De Afdeling bestuursrechtspraak zet in een recente uitspraak een duidelijke grens aan de contra-legem toetsing. Wat betekent dit voor de toepassing van het evenredigheidsbeginsel in de praktijk? Nuray Koyak licht het toe in dit artikel.

Nuray Koyak

Nuray Koyak

Categorie
Bestuursrecht

Tags
tijdsverloop

RvS 26 november 2025, ECLI:NL:RVS:2025:5744

De vraag die in deze uitspraak centraal staat is of het college bij de motivering van het handhavend optreden alle relevante omstandigheden van het geval voldoende heeft betrokken. Bewoners zijn eigenaar van een recreatiewoning in Lunteren, die zij sinds 2009 permanent bewonen. Het college heeft een last onder dwangsom opgelegd, omdat permanente bewoning van recreatiewoningen in strijd is met het bestemmingsplan. De bewoners gingen in beroep bij de rechtbank, die op 21 december 2022 het beroep gegrond verklaarde. De rechtbank oordeelde dat, gezien de privéomstandigheden van de bewoners en de omstandigheid dat het elf jaar heeft geduurd voordat het college tot handhaving is overgegaan, moest worden afgezien van handhaving. Waarom was handhavend optreden na elf jaar in dit concrete geval niet onevenredig? Het oordeel van de Afdeling lees je hieronder.

Handhavend optreden

Het college betoogt dat de rechtbank ten onrechte heeft geoordeeld dat handhavend optreden in dit geval onevenredig is in verhouding tot de daarmee te dienen doelen. Volgens het college heeft de rechtbank te veel gewicht toegekend aan de (privé)omstandigheden van de bewoners, terwijl zij dit niet met stukken hebben onderbouwd. De krapte op de woningmarkt kan de overtreding volgens het college evenmin rechtvaardigen. Tot slot stelt het college dat de rechtbank ook te veel gewicht heeft toegekend aan het feit dat het elf jaar heeft geduurd voordat het college tot handhaving is overgegaan.

Oordeel afdeling

Zoals de Afdeling heeft overwogen in haar uitspraak van 5 maart 2025, ECLI:NL:RVS:2025:678, geldt bij handhavingsbesluiten bij de toets aan het evenredigheidsbeginsel de maatstaf van de zogeheten Harderwijk-uitspraak (uitspraak van 2 februari 2022, ECLI:NL:RVS:2022:285). Daarbij geldt als uitgangspunt dat het algemeen belang is gediend met handhaving en dat daarom in de regel tegen een overtreding moet worden opgetreden. Handhaving staat dus voorop. Handhavend optreden is alleen onevenredig als er in het concrete geval omstandigheden zijn die zó zwaar wegen dat het algemeen belang dat gediend is met handhaving daarvoor moet wijken. Dan is er een bijzonder geval waarin toch van handhavend optreden moet worden afgezien. Een bijzonder geval kan zich bijvoorbeeld voordoen bij concreet zicht op legalisatie, maar ook andere omstandigheden van het concrete geval kunnen leiden tot het oordeel dat er een bijzonder geval is. Andere redenen om van handhavend optreden af te zien kunnen zich bijvoorbeeld voordoen bij een schending van het gelijkheidsbeginsel of het vertrouwensbeginsel.

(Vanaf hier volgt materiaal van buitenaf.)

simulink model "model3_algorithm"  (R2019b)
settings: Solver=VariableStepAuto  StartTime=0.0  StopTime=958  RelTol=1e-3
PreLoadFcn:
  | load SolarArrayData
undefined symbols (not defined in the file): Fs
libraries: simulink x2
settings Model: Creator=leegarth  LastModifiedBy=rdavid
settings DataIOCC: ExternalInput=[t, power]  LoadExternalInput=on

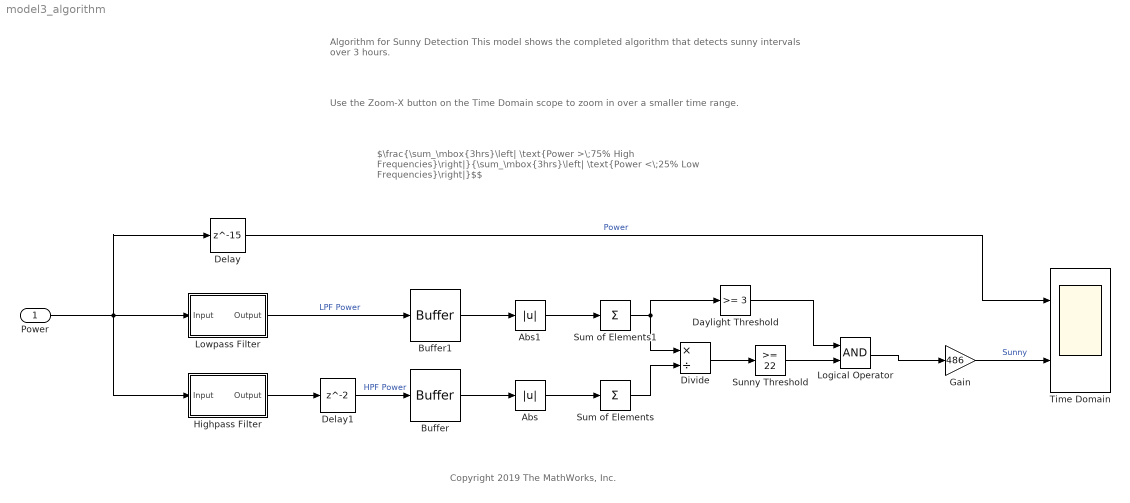
== system model3_algorithm ==
  note: $\frac{\sum_\mbox{3hrs}\left| \text{Power >\;75% High Frequencies}\right|}{\sum_\mbox{3hrs}\left| \text{Power <\;25% Low Frequencies}\right|}$$
  note: Copyright 2019 The MathWorks, Inc.
  note: Algorithm for Sunny Detection
      |
      | This model shows the completed algorithm that detects sunny intervals over 3 hours.
  note: Use the Zoom-X button on the Time Domain scope to zoom in over a smaller time range.
  Power : Inport  SampleTime=1/Fs
  Abs : Abs
  Abs1 : Abs
  Buffer : Buffer  N=12  OutputFrames=off
  Buffer1 : Buffer  N=12  OutputFrames=off
  Daylight Threshold : simulink/Logic and Bit Operations/Compare To Constant  relop=>=  const=3  OutDataTypeStr=boolean
  Delay : Delay  DelayLength=15
  Delay1 : Delay
  Divide : Product  Inputs=*/
  Gain : Gain  Gain=486
  Highpass Filter : Subsystem  Tag=FilterWizardSubSystem
      settings: ErrorFcn=dspFilterRealizedInBasicElemsAlgLoopErrFcnCallback
  Logical Operator : Logic  AllPortsSameDT=off  OutDataTypeStr=boolean
  Lowpass Filter : Subsystem  Tag=FilterWizardSubSystem
      settings: ErrorFcn=dspFilterRealizedInBasicElemsAlgLoopErrFcnCallback
  Sum of Elements : Sum  Inputs=+
  Sum of Elements1 : Sum  Inputs=+
  Sunny Threshold : simulink/Logic and Bit Operations/Compare To Constant  relop=>=  const=22  OutDataTypeStr=boolean
  Time Domain : Scope  NumInputPorts=2
  wires:
  Power/1 -> Highpass Filter/1(Input), Delay/1, Lowpass Filter/1(Input)
  Highpass Filter/1(Output) -> Delay1/1
  Delay/1 -> Time Domain/1  "Power"
  Delay1/1 -> Buffer/1  "HPF Power"
  Lowpass Filter/1(Output) -> Buffer1/1  "LPF Power"
  Buffer/1 -> Abs/1
  Buffer1/1 -> Abs1/1
  Abs/1 -> Sum of Elements/1
  Abs1/1 -> Sum of Elements1/1
  Sum of Elements/1 -> Divide/2
  Sum of Elements1/1 -> Divide/1, Daylight Threshold/1
  Divide/1 -> Sunny Threshold/1
  Gain/1 -> Time Domain/2  "Sunny"
  Daylight Threshold/1 -> Logical Operator/1
  Sunny Threshold/1 -> Logical Operator/2
  Logical Operator/1 -> Gain/1

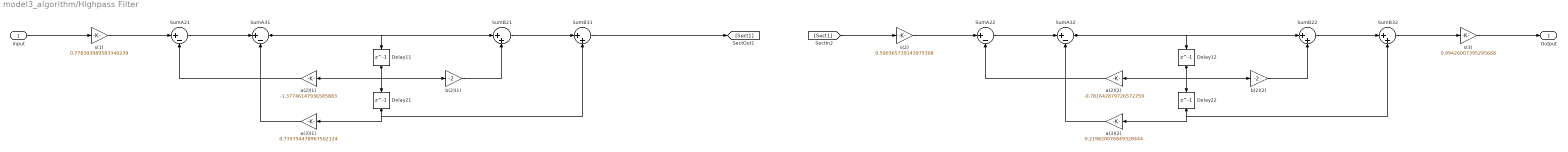
== system model3_algorithm/Highpass Filter ==
  Input : Inport
  Delay{11..12,21..22} (4 alike) : Delay  DelayLength=1  InitialCondition=0
  SumA{21..22,31..32} (4 alike) : Sum  Inputs=|+-  RndMeth=Nearest  SaturateOnIntegerOverflow=on  OutDataTypeStr=Inherit: Same as first input
  SumB{21..22,31..32} (4 alike) : Sum  Inputs=|++  RndMeth=Nearest  SaturateOnIntegerOverflow=on  OutDataTypeStr=Inherit: Same as first input
  a(2)(1) : Gain  Gain=-1.37746147936585883  ParamDataTypeStr=double  RndMeth=Nearest  SaturateOnIntegerOverflow=on  OutDataTypeStr=Inherit: Same as input
  a(2)(2) : Gain  Gain=-0.781642879726572759  ParamDataTypeStr=double  RndMeth=Nearest  SaturateOnIntegerOverflow=on  OutDataTypeStr=Inherit: Same as input
  a(3)(1) : Gain  Gain=0.735754478967502124  ParamDataTypeStr=double  RndMeth=Nearest  SaturateOnIntegerOverflow=on  OutDataTypeStr=Inherit: Same as input
  a(3)(2) : Gain  Gain=0.219820076849328444  ParamDataTypeStr=double  RndMeth=Nearest  SaturateOnIntegerOverflow=on  OutDataTypeStr=Inherit: Same as input
  b(2)(1) : Gain  Gain=-2  ParamDataTypeStr=double  RndMeth=Nearest  SaturateOnIntegerOverflow=on  OutDataTypeStr=Inherit: Same as input
  b(2)(2) : Gain  Gain=-2  ParamDataTypeStr=double  RndMeth=Nearest  SaturateOnIntegerOverflow=on  OutDataTypeStr=Inherit: Same as input
  s(1) : Gain  Gain=0.778303989583340239  ParamDataTypeStr=double  RndMeth=Nearest  SaturateOnIntegerOverflow=on  OutDataTypeStr=Inherit: Same as input
  s(2) : Gain  Gain=0.500365739143975308  ParamDataTypeStr=double  RndMeth=Nearest  SaturateOnIntegerOverflow=on  OutDataTypeStr=Inherit: Same as input
  s(3) : Gain  Gain=0.99426007395295668  ParamDataTypeStr=double  RndMeth=Nearest  SaturateOnIntegerOverflow=on  OutDataTypeStr=Inherit: Same as input
  Output : Outport
  wires:
  Input/1 -> s(1)/1
  s(1)/1 -> SumA21/1
  SumA21/1 -> SumA31/1
  SumA31/1 -> SumB21/1, Delay11/1
  SumB21/1 -> SumB31/1
  SumB31/1 -> [Sect1]
  a(2)(1)/1 -> SumA21/2
  Delay11/1 -> a(2)(1)/1, b(2)(1)/1, Delay21/1
  b(2)(1)/1 -> SumB21/2
  a(3)(1)/1 -> SumA31/2
  Delay21/1 -> a(3)(1)/1, SumB31/2
  [Sect1] -> s(2)/1
  s(2)/1 -> SumA22/1
  SumA22/1 -> SumA32/1
  SumA32/1 -> SumB22/1, Delay12/1
  SumB22/1 -> SumB32/1
  SumB32/1 -> s(3)/1
  a(2)(2)/1 -> SumA22/2
  Delay12/1 -> a(2)(2)/1, b(2)(2)/1, Delay22/1
  b(2)(2)/1 -> SumB22/2
  a(3)(2)/1 -> SumA32/2
  Delay22/1 -> a(3)(2)/1, SumB32/2
  s(3)/1 -> Output/1

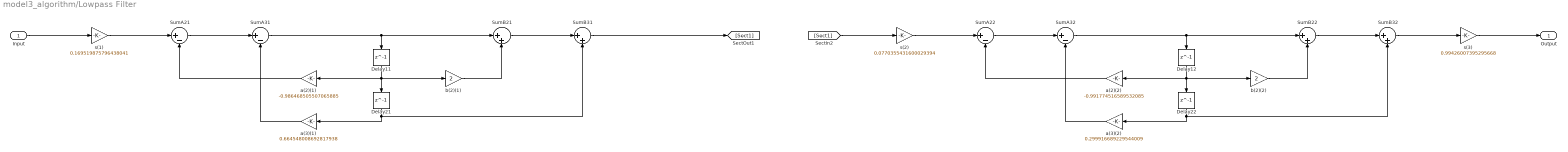
== system model3_algorithm/Lowpass Filter ==
  Input : Inport
  Delay{11..12,21..22} (4 alike) : Delay  DelayLength=1  InitialCondition=0
  SumA{21..22,31..32} (4 alike) : Sum  Inputs=|+-  RndMeth=Nearest  SaturateOnIntegerOverflow=on  OutDataTypeStr=Inherit: Same as first input
  SumB{21..22,31..32} (4 alike) : Sum  Inputs=|++  RndMeth=Nearest  SaturateOnIntegerOverflow=on  OutDataTypeStr=Inherit: Same as first input
  a(2)(1) : Gain  Gain=-0.986468505507065885  ParamDataTypeStr=double  RndMeth=Nearest  SaturateOnIntegerOverflow=on  OutDataTypeStr=Inherit: Same as input
  a(2)(2) : Gain  Gain=-0.991774516589532085  ParamDataTypeStr=double  RndMeth=Nearest  SaturateOnIntegerOverflow=on  OutDataTypeStr=Inherit: Same as input
  a(3)(1) : Gain  Gain=0.664548008692817938  ParamDataTypeStr=double  RndMeth=Nearest  SaturateOnIntegerOverflow=on  OutDataTypeStr=Inherit: Same as input
  a(3)(2) : Gain  Gain=0.299916689229544009  ParamDataTypeStr=double  RndMeth=Nearest  SaturateOnIntegerOverflow=on  OutDataTypeStr=Inherit: Same as input
  b(2)(1) : Gain  Gain=2  ParamDataTypeStr=double  RndMeth=Nearest  SaturateOnIntegerOverflow=on  OutDataTypeStr=Inherit: Same as input
  b(2)(2) : Gain  Gain=2  ParamDataTypeStr=double  RndMeth=Nearest  SaturateOnIntegerOverflow=on  OutDataTypeStr=Inherit: Same as input
  s(1) : Gain  Gain=0.169519875796438041  ParamDataTypeStr=double  RndMeth=Nearest  SaturateOnIntegerOverflow=on  OutDataTypeStr=Inherit: Same as input
  s(2) : Gain  Gain=0.0770355431600029394  ParamDataTypeStr=double  RndMeth=Nearest  SaturateOnIntegerOverflow=on  OutDataTypeStr=Inherit: Same as input
  s(3) : Gain  Gain=0.99426007395295668  ParamDataTypeStr=double  RndMeth=Nearest  SaturateOnIntegerOverflow=on  OutDataTypeStr=Inherit: Same as input
  Output : Outport
  wires:
  Input/1 -> s(1)/1
  s(1)/1 -> SumA21/1
  SumA21/1 -> SumA31/1
  SumA31/1 -> SumB21/1, Delay11/1
  SumB21/1 -> SumB31/1
  SumB31/1 -> [Sect1]
  a(2)(1)/1 -> SumA21/2
  Delay11/1 -> a(2)(1)/1, b(2)(1)/1, Delay21/1
  b(2)(1)/1 -> SumB21/2
  a(3)(1)/1 -> SumA31/2
  Delay21/1 -> a(3)(1)/1, SumB31/2
  [Sect1] -> s(2)/1
  s(2)/1 -> SumA22/1
  SumA22/1 -> SumA32/1
  SumA32/1 -> SumB22/1, Delay12/1
  SumB22/1 -> SumB32/1
  SumB32/1 -> s(3)/1
  a(2)(2)/1 -> SumA22/2
  Delay12/1 -> a(2)(2)/1, b(2)(2)/1, Delay22/1
  b(2)(2)/1 -> SumB22/2
  a(3)(2)/1 -> SumA32/2
  Delay22/1 -> a(3)(2)/1, SumB32/2
  s(3)/1 -> Output/1

Motiveringsplicht: alle omstandigheden moeten worden betrokken bij handhaving

Het college moet goed motiveren waarom het overgaat tot handhavend optreden. Bij die motivering moet het college alle omstandigheden van het geval betrekken. Naar het oordeel van de Afdeling heeft het college dat niet goed gedaan. De bewoners hebben in het bezwaarschrift hun privéomstandigheden nader toegelicht. Daar komt bij dat er een grote krapte is op de woningmarkt, wat de zoektocht nog verder bemoeilijkt. In het besluit op bezwaar is het college alleen ingegaan op de financiële omstandigheden van de bewoners en de vraag of het college destijds heeft ingestemd met permanente bewoning van de recreatiewoning. Het college heeft in het geheel niet gemotiveerd welke consequenties de privéomstandigheden hebben voor de last onder dwangsom, terwijl bewoners deze omstandigheden uitvoerig hebben toegelicht. Naar het oordeel van de Afdeling heeft het college het besluit van 11 augustus 2021 daarom niet goed gemotiveerd en onzorgvuldig genomen.

Vertraging in handhaving niet onevenredigheid

Volgens de Afdeling heeft de rechtbank, zoals het college terecht aanvoert, ten onrechte veel gewicht toegekend aan de omstandigheid dat het elf jaar heeft geduurd voordat het college is overgegaan tot handhaving. Naar het oordeel van de Afdeling kan aan deze omstandigheid weinig gewicht worden toegekend, omdat het college heeft toegelicht dat de permanente bewoning van recreatiewoningen in de gemeente Ede een groot probleem is. In 2015 is daarom besloten om het handhavingsbeleid te intensiveren. Er wordt parksgewijs gehandhaafd, omdat er onvoldoende capaciteit is om alle overtredingen in één keer aan te pakken. Dat is de reden dat het college pas in 2020 tot handhaving is overgegaan tegen de permanente bewoning van de recreatiewoning van bewoners. Ook om deze reden is de Afdeling van oordeel dat de rechtbank ten onrechte heeft geoordeeld dat handhavend op treden in dit concrete geval onevenredig is. De Afdeling oordeelt dat de rechtbank het beroep van de bewoners terecht gegrond heeft verklaard, maar de last onder dwangsom van 24 november 2020 ten onrechte heeft herroepen. Zij had moeten volstaan met de vernietiging van het besluit op bezwaar van 11 augustus 2021.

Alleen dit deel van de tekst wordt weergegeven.